Sometimes the archive feels a bit like a 'Pandora's box', doesn't it; especially when it holds fragments of a difficult past that have the power to re-open old wounds, confront the reader with information that dashes expectations, expose uncomfortable truths and reveal hurtful secrets - and offer hope for a more just future.

In the abstract of her paper, 'Archives of Sorrow: An Exploration of Australia's Stolen Generations and their Journey into the Past' published in History and Anthropology 22 (4), Fiona Murphy says, 'We primarily see the archive as a storehouse of memory and fact, as the place from whence history issues forth. However, the archive is much more than this; it is a site of memory and a place of trauma and pain. It is a place of sorrow and loss for many, where unpaciïfed ghosts with unïfnished business await, yielding stories and letters different from expectation, a site where loss is localised and realised. It is also a space of confrontation, where expectations are denounced as lies, and where the truth assumes a different colour.' Murphy's article engages with the attempt of Australia's Stolen Generations to come to terms with past trauma by returning to the archives in search of what was taken from them under the government's 'removals policy' - people, places and worlds - and to trace both their personal history of removal and their family history. Working through files of letters from parents, reports from those who were involved in the removal of Aboriginal children from their families, as well as those emanating from the institutions in which they were held, was a deeply painful experience. Describing the archive as 'a place which bespeaks the presence of absence' and 'a place where secrets, lies and truth are enshrined in the record' it is, she says, 'a place where many ghosts lie in waiting, ghosts whom when spoken to may remedy the past, and the kind who should not be disturbed for their sullen intransigence may only do more harm. But, as she points out, it has also brought a degree of healing, leading many to try to rediscover their origins and reconnect with their families - even if the journey is, as she says, 'tortuous'.

'Human Zoos: The Invention of the Savage' currently on exhibition at the musée du quai Branly, unpacks an altogether different, but equally painful archive. Drawing on a vast range of paintings and sculptures, dioramas, photographs, film, posters, flyers, postcards, programmes and other ephemera, the exhibition explores the history of 'human zoos' that put people on display in circus, theatre or cabaret performances, zoos, parades, reconstructed villages and international or colonial fairs, to tell a story about the construction of otherness. It's visually exhilarating absorbing and profoundly moving. Men, women and children classified as 'freaks' because they suffered some form of deformity or 'exotic' because they came from far-off lands, gaze steadily at the viewer from the photographs, drawings, paintings and audio-visual projections that line the walls.
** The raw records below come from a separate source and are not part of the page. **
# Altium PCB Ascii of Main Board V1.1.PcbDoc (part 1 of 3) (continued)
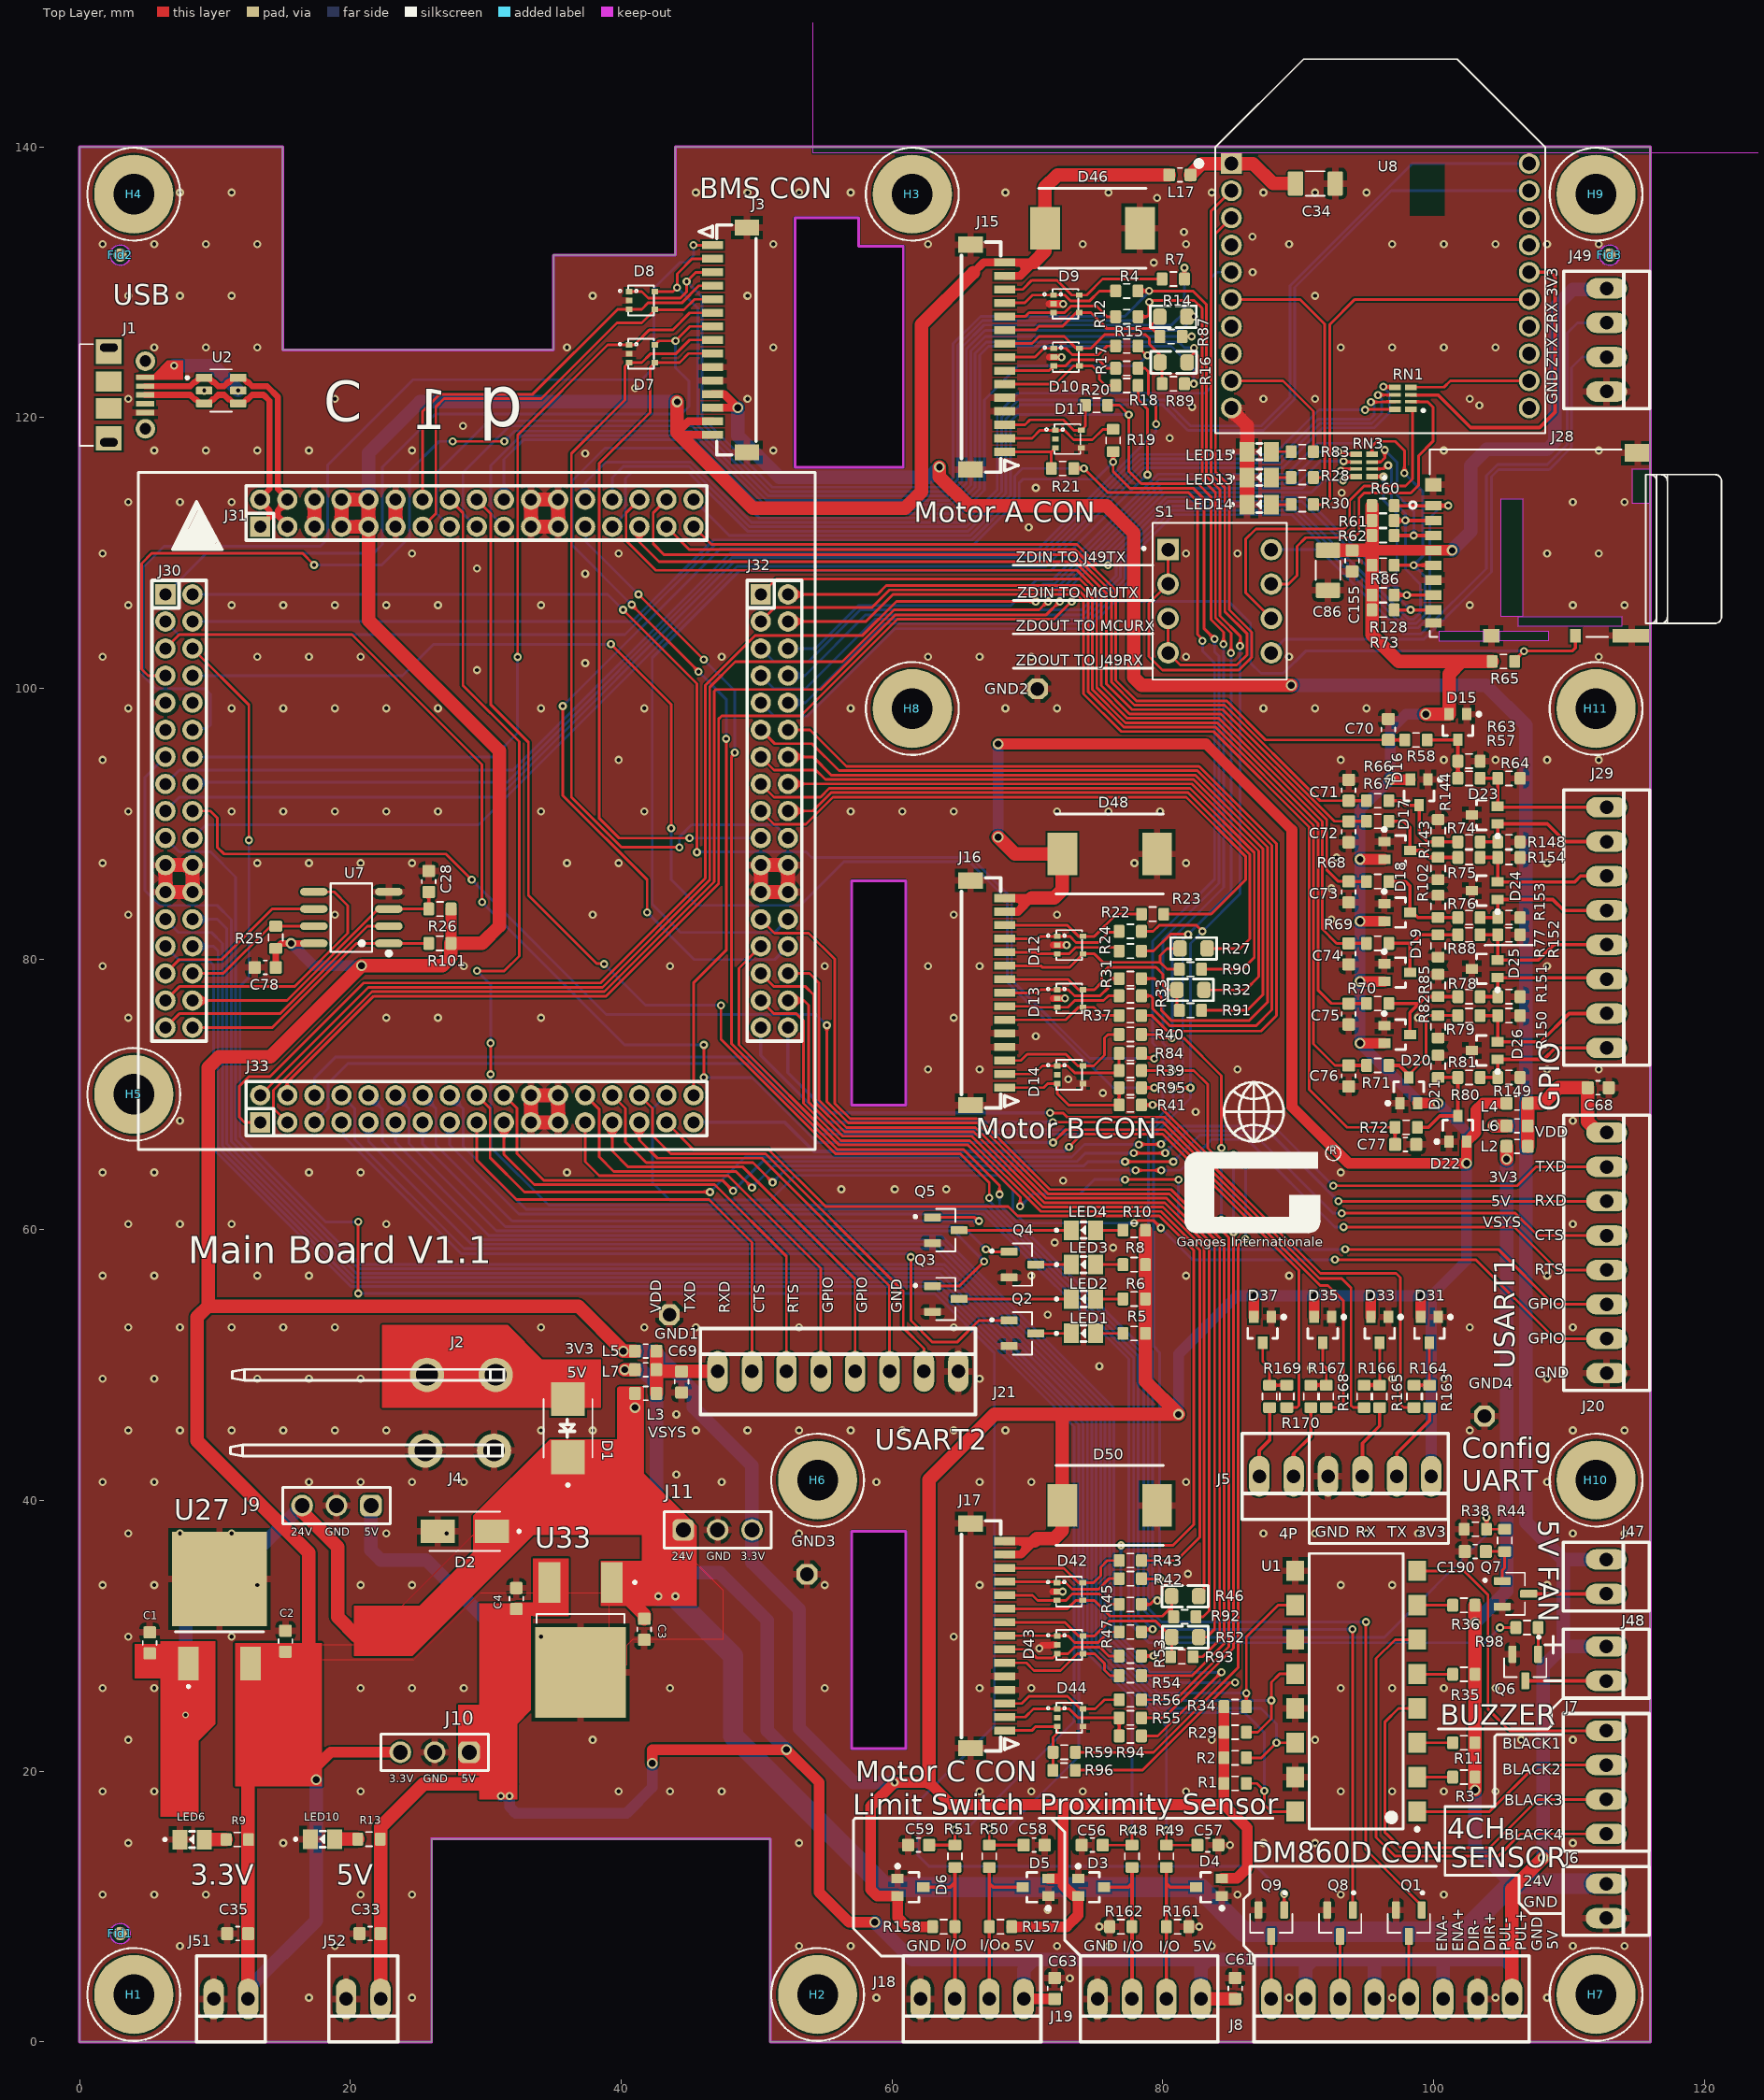
[diagram p0: Top Layer view]
## Components (designator, comment, footprint, x,y, rotation, side; value= is the part's Value field where it differs from the comment) (continued)
LED10 "150080SS75000" LEDC2012X120N 17.95,14.975 r0 top
LED13 "150080VS75000" LEDC2012X120N 87.122,115.572 r0 top
LED14 "150080VS75000" LEDC2012X120N 87.122,113.573 r0 top
LED15 "150080VS75000" LEDC2012X120N 87.122,117.477 r0 top
Q1 "PDTC114ET,215" SOT95P230X110-3N 98.171,8.763 r270 top
Q2 "PDTC114ET,215" SOT95P230X110-3N 69.632,52.342 r0 top
Q3 "PDTC114ET,215" SOT95P230X110-3N 63.972,54.882 r0 top
Q4 "PDTC114ET,215" SOT95P230X110-3N 69.632,57.422 r0 top
Q5 "PDTC114ET,215" SOT95P230X110-3N 63.972,59.962 r0 top
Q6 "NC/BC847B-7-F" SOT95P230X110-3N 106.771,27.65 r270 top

Some images linger uncomfortably in the mind: the bashful 'Krao' a small girl described as the 'missing link'; the shyly and hirsute Antionetta Gonsalvus; the exotically turbaned 'Little Pepin' - whose torso sprouts hands and feet stoically brandishing a sword; Farini's sombre-faced 'Earthmen' and; the be-feathered 'Zoulous' prancing on stage at the Folies Bergere. One cannot help wondering what became of them all once they were no longer valued for their curiosity value. While viewers may feel like voyeurs, the curators of this exhibition have put archival material on display not to titillate but to teach; to shed light on ways in which 'the other' has been construed over centuries, and to 'measure the extent to which racism, segregation, and eugenist ideas were able to penetrate public opinions, with no apparent violence, and while entertaining visitors'. I left with a fresh appreciation for the power of the archive as a place of hurt and healing; a resource on which we can draw to make sense of the past and the present and imagine a more just future. But, it's also something of a 'Pandora's Box', isn't; it?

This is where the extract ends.